Growing numbers of UK researchers say that their applications for European Union research funding are in doubt after the Brexit vote, while there are also reports of foreign scientists opting not to take up jobs in the UK owing to the post-referendum outlook.

Several researchers spoken to by Times Higher Education said that the vote had thrown into doubt funding applications to Horizon 2020, the EU’s current research programme, as continental partners expressed worries about whether UK participation could harm their projects’ chances of success.

UK universities currently benefit from EU research funding by about £1.2 billion a year, as well as gaining access to international networks of researchers.

Meanwhile, a survey on the impact of the Brexit vote circulated on social media by the lobbying group Scientists for EU has spotlighted worries for science.

According to the group, among the 167 scientists to respond, 51 said they had general concerns about the future of science in the UK, 33 said they were planning to leave the country, 20 cited worries about xenophobia, 16 said they had encountered disruption in Horizon 2020 applications and nine were foreign scientists who had decided not to take up UK job offers. Three respondents said they had encountered no problems raised by the referendum result.

For standard projects funded by Horizon 2020, three participants from different member states or associated countries must be involved (this rule does not apply to European Research Council funding, which is part of the programme).

Some EU researchers may be deterred from bidding for multi-year funding alongside UK partners, given the uncertainty over how long the nation will remain inside the EU.

Ali Mobasheri, a professor of musculoskeletal physiology at the University of Surrey, said that colleagues in Belgium and the Netherlands were now developing a separate bid for EU money for a project on personalised medicine because they felt that including UK partners was “too risky” after the Brexit vote.

“There’s fear of prejudice” against applications with UK partners, he said. “These are people we really know well and respect and trust, and it’s Brexit that has driven the wedge between us,” he added.

Although Professor Mobasheri said that he might still be able to draw up another application, and was “waiting to see” who else might join, his former partners in the Netherlands had a unique cohort of patients that put them in a strong position.

Ilaria Bellantuono, a professor in the University of Sheffield’s department of human metabolism, also said that the vote had thrown two submitted bids into confusion.

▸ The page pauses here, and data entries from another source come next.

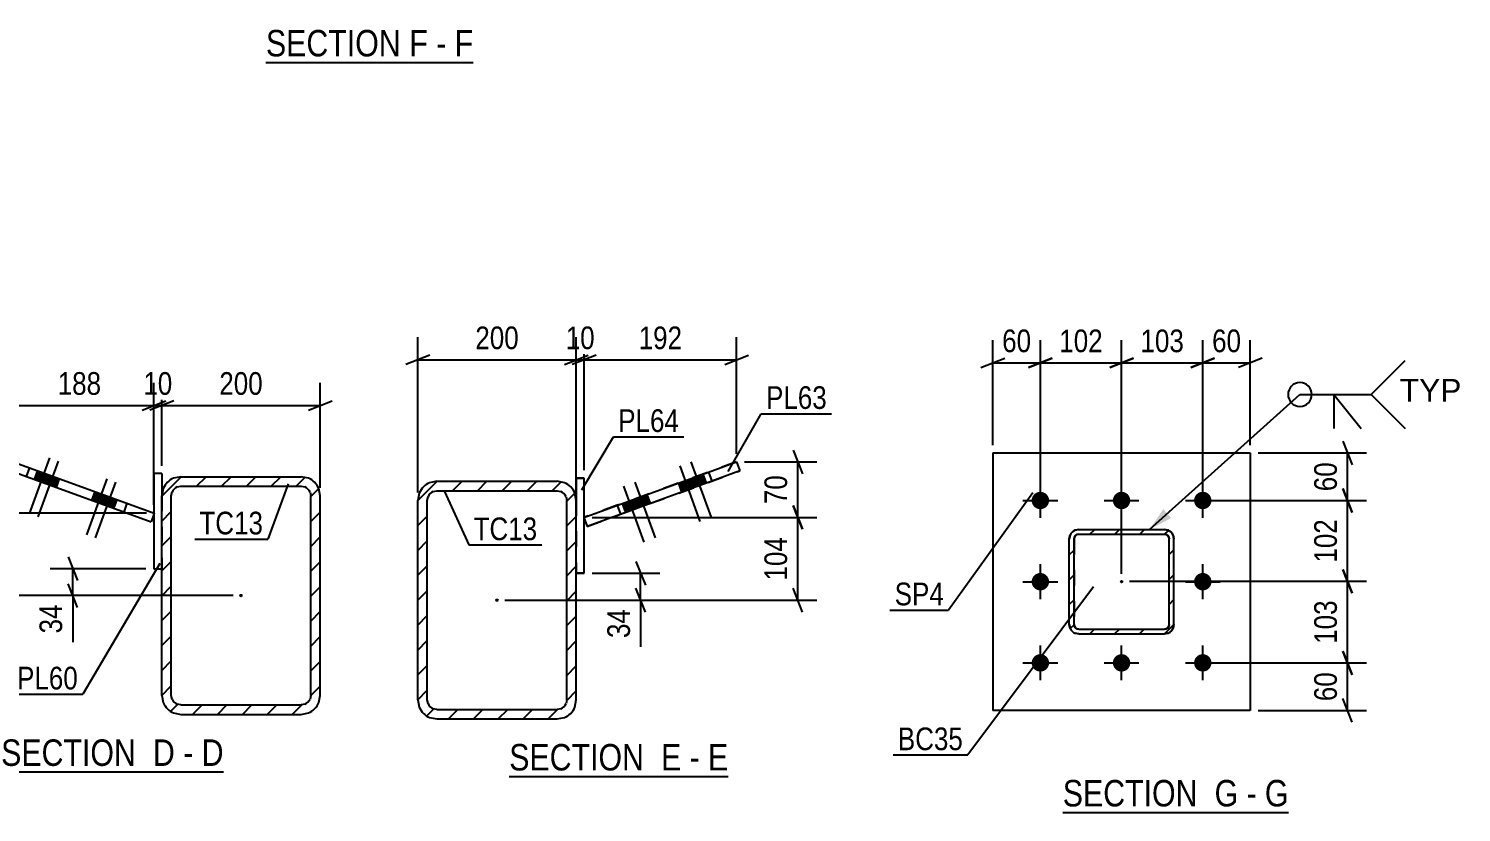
# Model space of a CAD drawing. Header units: millimetres. Extents: x 0 to 841, y 0 to 594.
# Drawn here: x 315.3 to 496.1, y 171.4 to 270.3 of the extents above; entities that cross this region are included whole.
import ezdxf

# ---------------------------------------------------------------- set-up
doc = ezdxf.new("R2010")
doc.units = ezdxf.units.MM
doc.linetypes.add('DXK_LINE_DOT2', pattern=[3.9198, 1.9599, -1.9599])
doc.linetypes.add('DXK_LINE_DOT3', pattern=[5.9187, 2.979, -0.9799, 0.9799, -0.9799])
doc.styles.add('Arial', font='ARIAL.TTF', dxfattribs={"height": 0.2})
doc.styles.add('Arial Narrow', font='ARIALN.TTF', dxfattribs={"height": 0.2})

# ---------------------------------------------------------------- blocks, each defined once
blk = doc.blocks.new('Unknown-682121983-11 - 6415')
at = {"color": 6, "linetype": 'Continuous'}
blk.add_line((345.21, 266.06), (371.36, 266.06), dxfattribs=at)
at = {"color": 0, "linetype": 'Continuous'}
for points in [[(362.25, 266.81), (362.25, 270.31), (345.21, 270.31), (345.21, 266.81)], [(365.65, 266.81), (365.65, 270.31), (363.3, 270.31), (363.3, 266.81)], [(367.97, 266.81), (367.97, 270.31), (366.7, 270.31), (366.7, 266.81)], [(371.36, 266.81), (371.36, 270.31), (369.02, 270.31), (369.02, 266.81)]]:
    blk.add_wipeout(points, dxfattribs=at)
at = {"color": 7, "linetype": 'Continuous', "style": 'Arial Narrow'}
for s, p in [('SECTION', (345.21, 266.81)), ('F', (363.3, 266.81)), ('F', (369.02, 266.81)), ('-', (366.7, 266.81))]:
    blk.add_text(s, height=3.34, dxfattribs=at).set_placement(p)
blk = doc.blocks.new('Unknown-682121983-16 - 4889')
at = {"color": 6, "linetype": 'Continuous'}
blk.add_line((311.78, 176.5), (339.85, 176.5), dxfattribs=at)
at = {"color": 0, "linetype": 'Continuous'}
for points in [[(329.89, 177.25), (329.89, 180.75), (311.78, 180.75), (311.78, 177.25)], [(333.71, 177.25), (333.71, 180.75), (330.94, 180.75), (330.94, 177.25)], [(336.04, 177.25), (336.04, 180.75), (334.76, 180.75), (334.76, 177.25)], [(339.85, 177.25), (339.85, 180.75), (337.09, 180.75), (337.09, 177.25)]]:
    blk.add_wipeout(points, dxfattribs=at)
at = {"color": 7, "linetype": 'Continuous', "style": 'Arial Narrow'}
for s, p in [('SECTION ', (311.78, 177.25)), ('D', (330.94, 177.25)), ('D', (337.09, 177.25)), ('-', (334.76, 177.25))]:
    blk.add_text(s, height=3.34, dxfattribs=at).set_placement(p)
blk = doc.blocks.new('Unknown-682121983-17 - 4726')
at = {"color": 6, "linetype": 'Continuous'}
blk.add_line((375.92, 175.92), (403.57, 175.92), dxfattribs=at)
at = {"color": 0, "linetype": 'Continuous'}
for points in [[(394.03, 176.67), (394.03, 180.17), (375.92, 180.17), (375.92, 176.67)], [(397.64, 176.67), (397.64, 180.17), (395.08, 180.17), (395.08, 176.67)], [(399.96, 176.67), (399.96, 180.17), (398.69, 180.17), (398.69, 176.67)], [(403.57, 176.67), (403.57, 180.17), (401.01, 180.17), (401.01, 176.67)]]:
    blk.add_wipeout(points, dxfattribs=at)
at = {"color": 7, "linetype": 'Continuous', "style": 'Arial Narrow'}
for s, p in [('SECTION ', (375.92, 176.67)), ('E', (395.08, 176.67)), ('E', (401.01, 176.67)), ('-', (398.69, 176.67))]:
    blk.add_text(s, height=3.34, dxfattribs=at).set_placement(p)
blk = doc.blocks.new('Unknown-682121983-25 - 11294')
at = {"color": 6, "linetype": 'Continuous'}
blk.add_line((445.8, 171.38), (474.3, 171.38), dxfattribs=at)
at = {"color": 0, "linetype": 'Continuous'}
for points in [[(463.91, 172.13), (463.91, 175.63), (445.8, 175.63), (445.8, 172.13)], [(467.94, 172.13), (467.94, 175.63), (464.96, 175.63), (464.96, 172.13)], [(470.26, 172.13), (470.26, 175.63), (468.99, 175.63), (468.99, 172.13)], [(474.3, 172.13), (474.3, 175.63), (471.31, 175.63), (471.31, 172.13)]]:
    blk.add_wipeout(points, dxfattribs=at)
at = {"color": 7, "linetype": 'Continuous', "style": 'Arial Narrow'}
for s, p in [('SECTION ', (445.8, 172.13)), ('G', (464.96, 172.13)), ('G', (471.31, 172.13)), ('-', (468.99, 172.13))]:
    blk.add_text(s, height=3.34, dxfattribs=at).set_placement(p)
blk = doc.blocks.new('Part-682121983-4913 - 4889')
at = {"color": 2, "linetype": 'Continuous'}
for p, q in [((332.06, 214.14), (331.06, 214.14)), ((331.06, 214.14), (331.06, 202.14)), ((332.06, 214.14), (332.06, 211.35)), ((331.06, 202.14), (332.06, 202.14))]:
    blk.add_line(p, q, dxfattribs=at)
at = {"color": 7, "linetype": 'DXK_LINE_DOT2'}
blk.add_line((332.06, 211.35), (332.06, 202.14), dxfattribs=at)
blk = doc.blocks.new('Bolt-682121983-4955 - 4889')
at = {"linetype": 'Continuous'}
for points in [[(315.94, 213.42), (317.63, 212.8), (318.04, 213.93), (316.35, 214.55)], [(317.02, 213.02), (318.71, 212.41), (319.12, 213.54), (317.43, 214.15)], [(323.2, 210.77), (324.89, 210.16), (325.3, 211.29), (323.61, 211.9)], [(324.29, 210.38), (325.98, 209.76), (326.39, 210.89), (324.7, 211.51)]]:
    blk.add_hatch(color=1, dxfattribs=at).paths.add_polyline_path(points)
at = {"color": 1, "linetype": 'Continuous'}
for p, q in [((317.88, 216.12), (315.31, 209.07)), ((318.96, 215.72), (316.4, 208.67)), ((316.35, 214.55), (315.94, 213.42)), ((317.43, 214.15), (317.02, 213.02)), ((318.04, 213.93), (317.63, 212.8)), ((319.12, 213.54), (318.71, 212.41)), ((325.14, 213.47), (322.57, 206.43)), ((323.61, 211.9), (323.2, 210.77)), ((326.23, 213.08), (323.66, 206.03)), ((324.7, 211.51), (324.29, 210.38)), ((325.3, 211.29), (324.89, 210.16)), ((326.39, 210.89), (325.98, 209.76))]:
    blk.add_line(p, q, dxfattribs=at)
blk = doc.blocks.new('Part-682121983-4935 - 4889')
at = {"linetype": 'Continuous'}
h = blk.add_hatch(dxfattribs=at)
h.set_pattern_fill('', scale=0.7, style=0, pattern_type=0)
h.set_pattern_definition([(45, (332.0603, 186.1515), (-1.57154, 1.57154), [])])
h.paths.add_polyline_path([(332.06, 211.35), (332.06, 186.15), (332.24, 185.23), (332.76, 184.45), (333.54, 183.93), (334.46, 183.75), (349.66, 183.75), (350.58, 183.93), (351.36, 184.45), (351.88, 185.23), (352.06, 186.15), (352.06, 211.35), (351.88, 212.27), (351.36, 213.05), (350.58, 213.57), (349.66, 213.75), (334.46, 213.75), (333.54, 213.57), (332.76, 213.05), (332.24, 212.27)])
h.paths.add_polyline_path([(333.61, 212.2), (334, 212.46), (334.46, 212.55), (349.66, 212.55), (350.12, 212.46), (350.51, 212.2), (350.77, 211.81), (350.86, 211.35), (350.86, 186.15), (350.77, 185.69), (350.51, 185.3), (350.12, 185.04), (349.66, 184.95), (334.46, 184.95), (334, 185.04), (333.61, 185.3), (333.35, 185.69), (333.26, 186.15), (333.26, 211.35), (333.35, 211.81)])
blk.add_hatch(color=246, dxfattribs=at).paths.add_polyline_path([(342.06, 198.65, -1), (342.06, 198.85, -1)])
at = {"color": 2, "linetype": 'Continuous'}
for p, q in [((334.46, 213.75), (333.54, 213.57)), ((334.46, 213.75), (349.66, 213.75)), ((350.58, 213.57), (349.66, 213.75)), ((332.24, 212.27), (332.06, 211.35)), ((333.26, 211.35), (333.35, 211.81)), ((334, 212.46), (334.46, 212.55)), ((334.46, 212.55), (349.66, 212.55)), ((349.66, 212.55), (350.12, 212.46)), ((350.77, 211.81), (350.86, 211.35)), ((352.06, 211.35), (351.88, 212.27)), ((332.06, 186.15), (332.06, 211.35)), ((333.26, 186.15), (333.26, 211.35)), ((350.86, 186.15), (350.86, 211.35)), ((352.06, 186.15), (352.06, 211.35)), ((332.06, 186.15), (332.24, 185.23)), ((333.35, 185.69), (333.26, 186.15)), ((334.46, 184.95), (334, 185.04)), ((334.46, 184.95), (349.66, 184.95)), ((350.12, 185.04), (349.66, 184.95)), ((350.86, 186.15), (350.77, 185.69)), ((351.88, 185.23), (352.06, 186.15)), ((333.54, 183.93), (334.46, 183.75)), ((334.46, 183.75), (349.66, 183.75)), ((349.66, 183.75), (350.58, 183.93))]:
    blk.add_line(p, q, dxfattribs=at)
at = {"color": 246, "linetype": 'DXK_LINE_DOT2'}
blk.add_line((342.06, 198.75), (342.06, 198.75), dxfattribs=at)
at = {"color": 246, "linetype": 'Continuous'}
blk.add_circle((342.06, 198.75), 0.1, dxfattribs=at)
at = {"color": 2, "linetype": 'Continuous'}
for centre, radius, start, end in [((334.46, 211.35), 2.4, 112.5, 157.5), ((349.66, 211.35), 2.4, 22.5, 67.5), ((334.46, 211.35), 1.2, 112.5, 157.5), ((349.66, 211.35), 1.2, 22.5, 67.5), ((334.46, 186.15), 2.4, 202.5, 247.5), ((334.46, 186.15), 1.2, 202.5, 247.5), ((349.66, 186.15), 1.2, 292.5, 337.5), ((349.66, 186.15), 2.4, 292.5, 337.5)]:
    blk.add_arc(centre, radius, start, end, dxfattribs=at)
blk = doc.blocks.new('Part-682121983-4968 - 4889')
at = {"color": 2, "linetype": 'Continuous'}
for p, q in [((312.26, 216.03), (311.85, 214.91)), ((312.26, 216.03), (331.11, 209.17)), ((311.85, 214.91), (330.7, 208.04)), ((315.35, 214.91), (314.94, 213.78)), ((331.11, 209.17), (330.7, 208.04))]:
    blk.add_line(p, q, dxfattribs=at)
at = {"color": 7, "linetype": 'DXK_LINE_DOT2'}
blk.add_line((327.29, 209.29), (327.7, 210.41), dxfattribs=at)
blk = doc.blocks.new('Part-682121983-4739 - 4726')
at = {"color": 2, "linetype": 'Continuous'}
for p, q in [((384.38, 213.56), (384.38, 213.56)), ((384.38, 213.56), (384.38, 210.78)), ((385.38, 213.56), (384.38, 213.56)), ((385.38, 213.56), (385.38, 213.56)), ((385.38, 201.56), (385.38, 213.56)), ((385.38, 201.56), (384.38, 201.56)), ((385.38, 201.56), (385.38, 201.56))]:
    blk.add_line(p, q, dxfattribs=at)
at = {"color": 7, "linetype": 'DXK_LINE_DOT2'}
for p, q in [((384.38, 213.56), (385.38, 213.56)), ((384.38, 210.78), (384.38, 201.56)), ((384.38, 201.56), (385.38, 201.56))]:
    blk.add_line(p, q, dxfattribs=at)
blk = doc.blocks.new('Part-682121983-4773 - 4726')
at = {"color": 7, "linetype": 'DXK_LINE_DOT2'}
for p, q in [((404.62, 215.62), (389.56, 210.14)), ((389.97, 209.01), (405.03, 214.49)), ((389.56, 210.14), (385.33, 208.6)), ((389.56, 210.14), (389.97, 209.01)), ((385.33, 208.6), (385.74, 207.47)), ((385.74, 207.47), (389.97, 209.01))]:
    blk.add_line(p, q, dxfattribs=at)
at = {"color": 2, "linetype": 'Continuous'}
for p, q in [((401.09, 214.33), (404.62, 215.62)), ((404.62, 215.62), (405.03, 214.49)), ((385.33, 208.6), (401.09, 214.33)), ((401.09, 214.33), (401.5, 213.2)), ((405.03, 214.49), (401.5, 213.2)), ((401.5, 213.2), (385.74, 207.47)), ((385.33, 208.6), (385.33, 208.6)), ((385.33, 208.6), (385.74, 207.47)), ((385.74, 207.47), (385.74, 207.47))]:
    blk.add_line(p, q, dxfattribs=at)
blk = doc.blocks.new('Bolt-682121983-4782 - 4726')
at = {"linetype": 'Continuous'}
for points in [[(397.68, 211.82), (399.38, 212.43), (398.97, 213.56), (397.27, 212.94)], [(399.1, 212.33), (400.79, 212.95), (400.38, 214.07), (398.69, 213.46)], [(390.6, 209.24), (392.29, 209.85), (391.88, 210.98), (390.19, 210.36)], [(392.01, 209.75), (393.71, 210.37), (393.29, 211.49), (391.6, 210.88)]]:
    blk.add_hatch(color=1, dxfattribs=at).paths.add_polyline_path(points)
at = {"color": 1, "linetype": 'Continuous'}
for p, q in [((398.85, 215.65), (401.41, 208.6)), ((397.44, 215.13), (400, 208.08)), ((398.69, 213.46), (399.1, 212.33)), ((398.97, 213.56), (399.38, 212.43)), ((400.38, 214.07), (400.79, 212.95)), ((390.35, 212.55), (392.92, 205.5)), ((391.76, 213.07), (394.33, 206.02)), ((397.27, 212.94), (397.68, 211.82)), ((390.19, 210.36), (390.6, 209.24)), ((391.6, 210.88), (392.01, 209.75)), ((391.88, 210.98), (392.29, 209.85)), ((393.29, 211.49), (393.71, 210.37))]:
    blk.add_line(p, q, dxfattribs=at)
blk = doc.blocks.new('Part-682121983-4788 - 4726')
at = {"linetype": 'Continuous'}
h = blk.add_hatch(dxfattribs=at)
h.set_pattern_fill('', scale=0.7, style=0, pattern_type=0)
h.set_pattern_definition([(45, (384.1965, 211.6932), (-1.57154, 1.57154), [])])
h.paths.add_polyline_path([(384.38, 210.77), (384.2, 211.69), (383.68, 212.47), (382.9, 212.99), (381.98, 213.17), (366.78, 213.17), (365.86, 212.99), (365.08, 212.47), (364.56, 211.69), (364.38, 210.77), (364.38, 185.57), (364.56, 184.66), (365.08, 183.88), (365.86, 183.36), (366.78, 183.17), (381.98, 183.17), (382.9, 183.36), (383.68, 183.88), (384.2, 184.66), (384.38, 185.57)])
h.paths.add_polyline_path([(383.09, 185.12), (382.83, 184.73), (382.44, 184.47), (381.98, 184.37), (366.78, 184.37), (366.32, 184.47), (365.93, 184.73), (365.67, 185.12), (365.58, 185.57), (365.58, 210.77), (365.67, 211.23), (365.93, 211.62), (366.32, 211.88), (366.78, 211.97), (381.98, 211.97), (382.44, 211.88), (382.83, 211.62), (383.09, 211.23), (383.18, 210.77), (383.18, 185.57)])
blk.add_hatch(color=246, dxfattribs=at).paths.add_polyline_path([(374.38, 198.07, -1), (374.38, 198.27, -1)])
at = {"color": 2, "linetype": 'Continuous'}
for p, q in [((364.56, 211.69), (364.38, 210.77)), ((366.78, 213.17), (365.86, 212.99)), ((366.32, 211.88), (366.78, 211.97)), ((366.78, 213.17), (366.78, 213.17)), ((366.78, 213.17), (381.98, 213.17)), ((366.78, 211.97), (366.78, 211.97)), ((366.78, 211.97), (381.98, 211.97)), ((381.98, 213.17), (381.98, 213.17)), ((382.9, 212.99), (381.98, 213.17)), ((381.98, 211.97), (381.98, 211.97)), ((381.98, 211.97), (382.44, 211.88)), ((384.38, 210.77), (384.2, 211.69)), ((364.38, 210.77), (364.38, 210.77)), ((364.38, 185.57), (364.38, 210.77)), ((365.58, 210.77), (365.67, 211.23)), ((365.58, 210.77), (365.58, 210.77)), ((365.58, 185.57), (365.58, 210.77)), ((383.09, 211.23), (383.18, 210.77)), ((383.18, 210.77), (383.18, 210.77)), ((383.18, 185.57), (383.18, 210.77)), ((384.38, 210.77), (384.38, 210.77)), ((384.38, 185.57), (384.38, 210.77)), ((364.38, 185.57), (364.38, 185.57)), ((364.38, 185.57), (364.56, 184.66)), ((365.58, 185.57), (365.58, 185.57)), ((365.67, 185.12), (365.58, 185.57)), ((383.18, 185.57), (383.09, 185.12)), ((383.18, 185.57), (383.18, 185.57)), ((384.2, 184.66), (384.38, 185.57)), ((384.38, 185.57), (384.38, 185.57)), ((365.86, 183.36), (366.78, 183.17)), ((366.78, 184.37), (366.32, 184.47)), ((366.78, 184.37), (366.78, 184.37)), ((366.78, 184.37), (381.98, 184.37)), ((366.78, 183.17), (366.78, 183.17)), ((366.78, 183.17), (381.98, 183.17)), ((382.44, 184.47), (381.98, 184.37)), ((381.98, 184.37), (381.98, 184.37)), ((381.98, 183.17), (382.9, 183.36)), ((381.98, 183.17), (381.98, 183.17))]:
    blk.add_line(p, q, dxfattribs=at)
at = {"color": 7, "linetype": 'DXK_LINE_DOT3'}
blk.add_line((374.38, 198.17), (374.38, 198.17), dxfattribs=at)
at = {"color": 246, "linetype": 'DXK_LINE_DOT2'}
blk.add_line((374.38, 198.17), (374.38, 198.17), dxfattribs=at)
at = {"color": 246, "linetype": 'Continuous'}
blk.add_circle((374.38, 198.17), 0.1, dxfattribs=at)
at = {"color": 2, "linetype": 'Continuous'}
for centre, radius, start, end in [((366.78, 210.77), 2.4, 112.5, 157.5), ((366.78, 210.77), 1.2, 112.5, 157.5), ((381.98, 210.77), 1.2, 22.5, 67.5), ((381.98, 210.77), 2.4, 22.5, 67.5), ((366.78, 185.57), 2.4, 202.5, 247.5), ((366.78, 185.57), 1.2, 202.5, 247.5), ((381.98, 185.57), 1.2, 292.5, 337.5), ((381.98, 185.57), 2.4, 292.5, 337.5)]:
    blk.add_arc(centre, radius, start, end, dxfattribs=at)
blk = doc.blocks.new('Bolt-682121983-11385 - 11294')
at = {"linetype": 'Continuous'}
for points in [[(442.97, 211.85, -1), (442.97, 209.65, -1)], [(453.22, 211.85, -1), (453.22, 209.65, -1)], [(463.47, 211.85, -1), (463.47, 209.65, -1)], [(442.97, 201.6, -1), (442.97, 199.4, -1)], [(463.47, 201.6, -1), (463.47, 199.4, -1)], [(442.97, 191.35, -1), (442.97, 189.15, -1)], [(453.22, 191.35, -1), (453.22, 189.15, -1)], [(463.47, 191.35, -1), (463.47, 189.15, -1)]]:
    blk.add_hatch(color=1, dxfattribs=at).paths.add_polyline_path(points)
at = {"color": 1, "linetype": 'Continuous'}
for p, q in [((442.97, 208.55), (442.97, 212.95)), ((453.22, 208.55), (453.22, 212.95)), ((463.47, 208.55), (463.47, 212.95)), ((440.77, 210.75), (445.17, 210.75)), ((451.02, 210.75), (455.42, 210.75)), ((461.27, 210.75), (465.67, 210.75)), ((442.97, 198.3), (442.97, 202.7)), ((463.47, 198.3), (463.47, 202.7)), ((440.77, 200.5), (445.17, 200.5)), ((461.27, 200.5), (465.67, 200.5)), ((442.97, 188.05), (442.97, 192.45)), ((453.22, 188.05), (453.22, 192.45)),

European Commission officials overseeing the applications were unable to say for sure what the future position of UK partners would be if the bid were successful, she said.

“We are basically in limbo so this ‘don’t know’ puts fear in everyone, so they don’t want to risk it,” she added.

Joshua Ralston, a lecturer in Muslim-Christian relations at the University of Edinburgh, said that partners from Germany, France, the Netherlands and Romania working towards a bid to study religious diversity in Europe were now debating whether including a UK partner was too risky.

“We had a 12-page concept paper drafted and were slated to meet in Germany this summer to discuss collaboration and the grant, but this is all up in the air now,” he explained.

Tim Blackman, vice-chancellor of Middlesex University, one of the UK universities most reliant on EU research funding, said: “Leaving the EU risks losing more than half of our research income, many of our best researchers and students, and crucial opportunities for collaboration and exercising leadership and influence in the world.”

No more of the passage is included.